You have potential. If bodybuilding is your passion you can take it as far as you really want to. And work on your legs dammit.


----------



## Valdosta (Dec 13, 2021)

Methyl mike said:


> Gimmicks will draw a little curiosity one time as long as it's cheap but you want repeat customers over time and this idea will not give you that sorry.


then why are rolled ice cream places still in business 🤔


----------



## Valdosta (Dec 13, 2021)

Methyl mike said:


> You have potential. If bodybuilding is your passion you can take it as far as you really want to. And work on your legs dammit.


thanks. i have been going hard on them you should see where they were 3 weeks ago. had knee problems 2 weeks into starting blasting. so everything blew up but my legs 😭


----------



## Methyl mike (Dec 13, 2021)

Valdosta said:


> thanks. i have been going hard on them you should see where they were 3 weeks ago. had knee problems 2 weeks into starting blasting. so everything blew up but my legs 😭


I hear excuses and don't see your getaway sticks improving so get on it.

Also "going hard" means different things to different people. I can look at your legs and I know more or less how hard you Train them. 
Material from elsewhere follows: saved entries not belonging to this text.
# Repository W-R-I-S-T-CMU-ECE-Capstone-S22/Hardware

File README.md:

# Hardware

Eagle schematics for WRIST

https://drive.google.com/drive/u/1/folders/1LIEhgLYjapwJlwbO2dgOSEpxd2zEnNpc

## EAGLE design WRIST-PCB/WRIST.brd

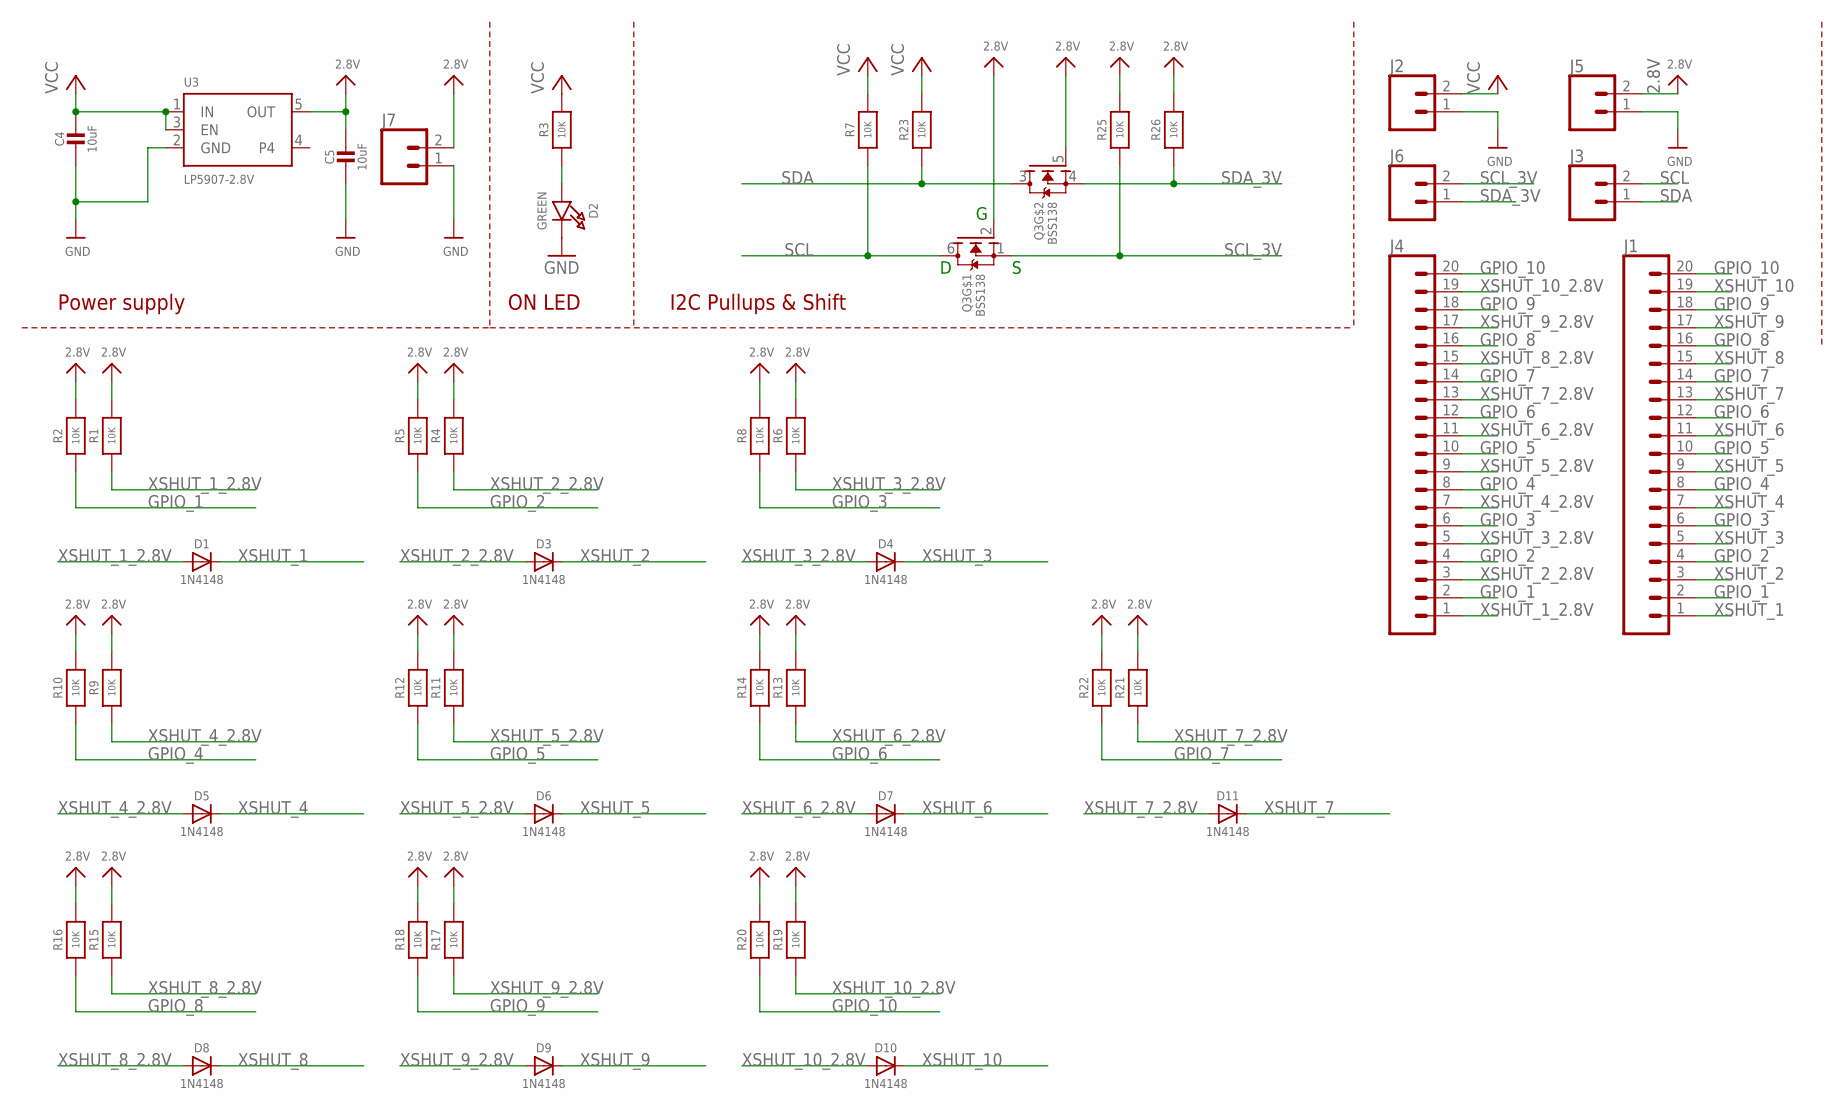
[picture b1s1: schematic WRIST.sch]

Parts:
C4, C5: 10uF; 0805-NO
D1, D3, D4, D5, D6, D7, D8, D9, D10, D11: 1N4148; SOD-323
D2: GREEN; CHIPLED_0603_NOOUTLINE
J1, J4: CONN_20NOSILK; 1X20_NOSILK
J2, J3, J5, J6, J7: CONN_021X02_NO_SILK; 1X02_NO_SILK
Q3: BSS138; SOT363
R1, R2, R3, R4, R5, R6, R7, R8, R9, R10, R11, R12, R13, R14, R15, R16, R17, R18, R19, R20, R21, R22, R23, R25, R26: 10K; 0603-NO
U3: LP5907-2.8V; SOT23-5

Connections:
2.8V: C5.1, J5.2, J7.2, Q3.2 (G), Q3.5 (G), R1.2, R2.2, R4.2, R5.2, R6.2, R8.2, R9.2, R10.2, R11.2, R12.2, R13.2, R14.2, R15.2, R16.2, R17.2, R18.2, R19.2, R20.2, R21.2, R22.2, R25.2, R26.2, U3.5 (OUT)
GND: C4.2, C5.2, D2.C, J2.1, J5.1, J7.1, U3.2 (GND)
GPIO_1: J1.2, J4.2, R2.1
GPIO_2: J1.4, J4.4, R5.1
GPIO_3: J1.6, J4.6, R8.1
GPIO_4: J1.8, J4.8, R10.1
GPIO_5: J1.10, J4.10, R12.1
GPIO_6: J1.12, J4.12, R14.1
GPIO_7: J1.14, J4.14, R22.1
GPIO_8: J1.16, J4.16, R16.1
GPIO_9: J1.18, J4.18, R18.1
GPIO_10: J1.20, J4.20, R20.1
unnamed: D2.A, R3.1
SCL: J3.2, Q3.6 (D), R7.1
SCL_3V: J6.2, Q3.1 (S), R25.1
SDA: J3.1, Q3.3 (D), R23.1
SDA_3V: J6.1, Q3.4 (S), R26.1
VCC: C4.1, J2.2, R3.2, R7.2, R23.2, U3.1 (IN), U3.3 (EN)
XSHUT_1: D1.C, J1.1
XSHUT_1_2.8V: D1.A, J4.1, R1.1
XSHUT_2: D3.C, J1.3
XSHUT_2_2.8V: D3.A, J4.3, R4.1
XSHUT_3: D4.C, J1.5
XSHUT_3_2.8V: D4.A, J4.5, R6.1
XSHUT_4: D5.C, J1.7
XSHUT_4_2.8V: D5.A, J4.7, R9.1
XSHUT_5: D6.C, J1.9
XSHUT_5_2.8V: D6.A, J4.9, R11.1
XSHUT_6: D7.C, J1.11
XSHUT_6_2.8V: D7.A, J4.11, R13.1
XSHUT_7: D11.C, J1.13
XSHUT_7_2.8V: D11.A, J4.13, R21.1
XSHUT_8: D8.C, J1.15
XSHUT_8_2.8V: D8.A, J4.15, R15.1
XSHUT_9: D9.C, J1.17
XSHUT_9_2.8V: D9.A, J4.17, R17.1
XSHUT_10: D10.C, J1.19
XSHUT_10_2.8V: D10.A, J4.19, R19.1

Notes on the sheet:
I2C Pullups & Shift
ON LED
Power supply

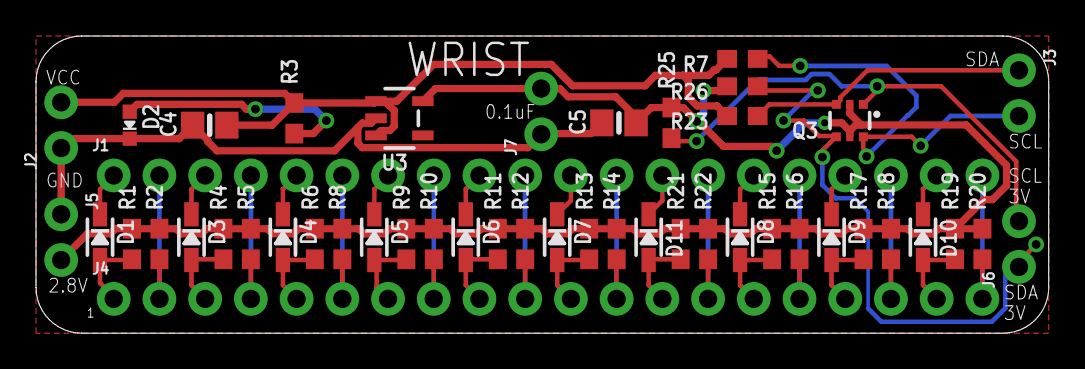
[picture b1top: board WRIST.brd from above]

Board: 2 copper layers, 56.3 x 16.5 mm, 47 parts (0 on the bottom side), 38 nets.

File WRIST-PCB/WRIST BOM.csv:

Qty,Designator,Device,Footprint,Comment,JLCPCB Part #（optional）,Description
4,"J2, J3, J5, J6",CONN_021X02_NO_SILK,1X02_NO_SILK,,,Multi connection point. Often used as Generic Header-pin footprint for 0.1 inch spaced/style header connections
2,"J1, J4",CONN_20NOSILK,1X20_NOSILK,,,Multi connection point. Often used as Generic Header-pin footprint for 0.1 inch spaced/style header connections
21,"R1, R2, R3, R4, R5, R6, R8, R7, R9, R10, R11, R12, R13, R14, R15, R16, R17, R18, R19, R20, R21, R22, R23, R25, R26",RESISTOR_0603_NOOUT,0603-NO,10K,C269701,Resistors
2,"C4, C5",CAP_CERAMIC0805-NOOUTLINE,0805-NO,10uF,C129234,Ceramic Capacitors
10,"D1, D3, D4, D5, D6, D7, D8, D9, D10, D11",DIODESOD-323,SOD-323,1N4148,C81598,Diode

So I expect progress pics In two weeks if you have a gift it will be obvious if you apply yourself. Even flex wheeler worked hard.


----------



## Valdosta (Dec 13, 2021)

Methyl mike said:


> I hear excuses and don't see your getaway sticks improving so get on it.
> 
> Also "going hard" means different things to different people. I can look at your legs and I know more or less how hard you Train them.
> 
> So I expect progress pics In two weeks if you have a gift it will be obvious if you apply yourself. Even flex wheeler worked hard.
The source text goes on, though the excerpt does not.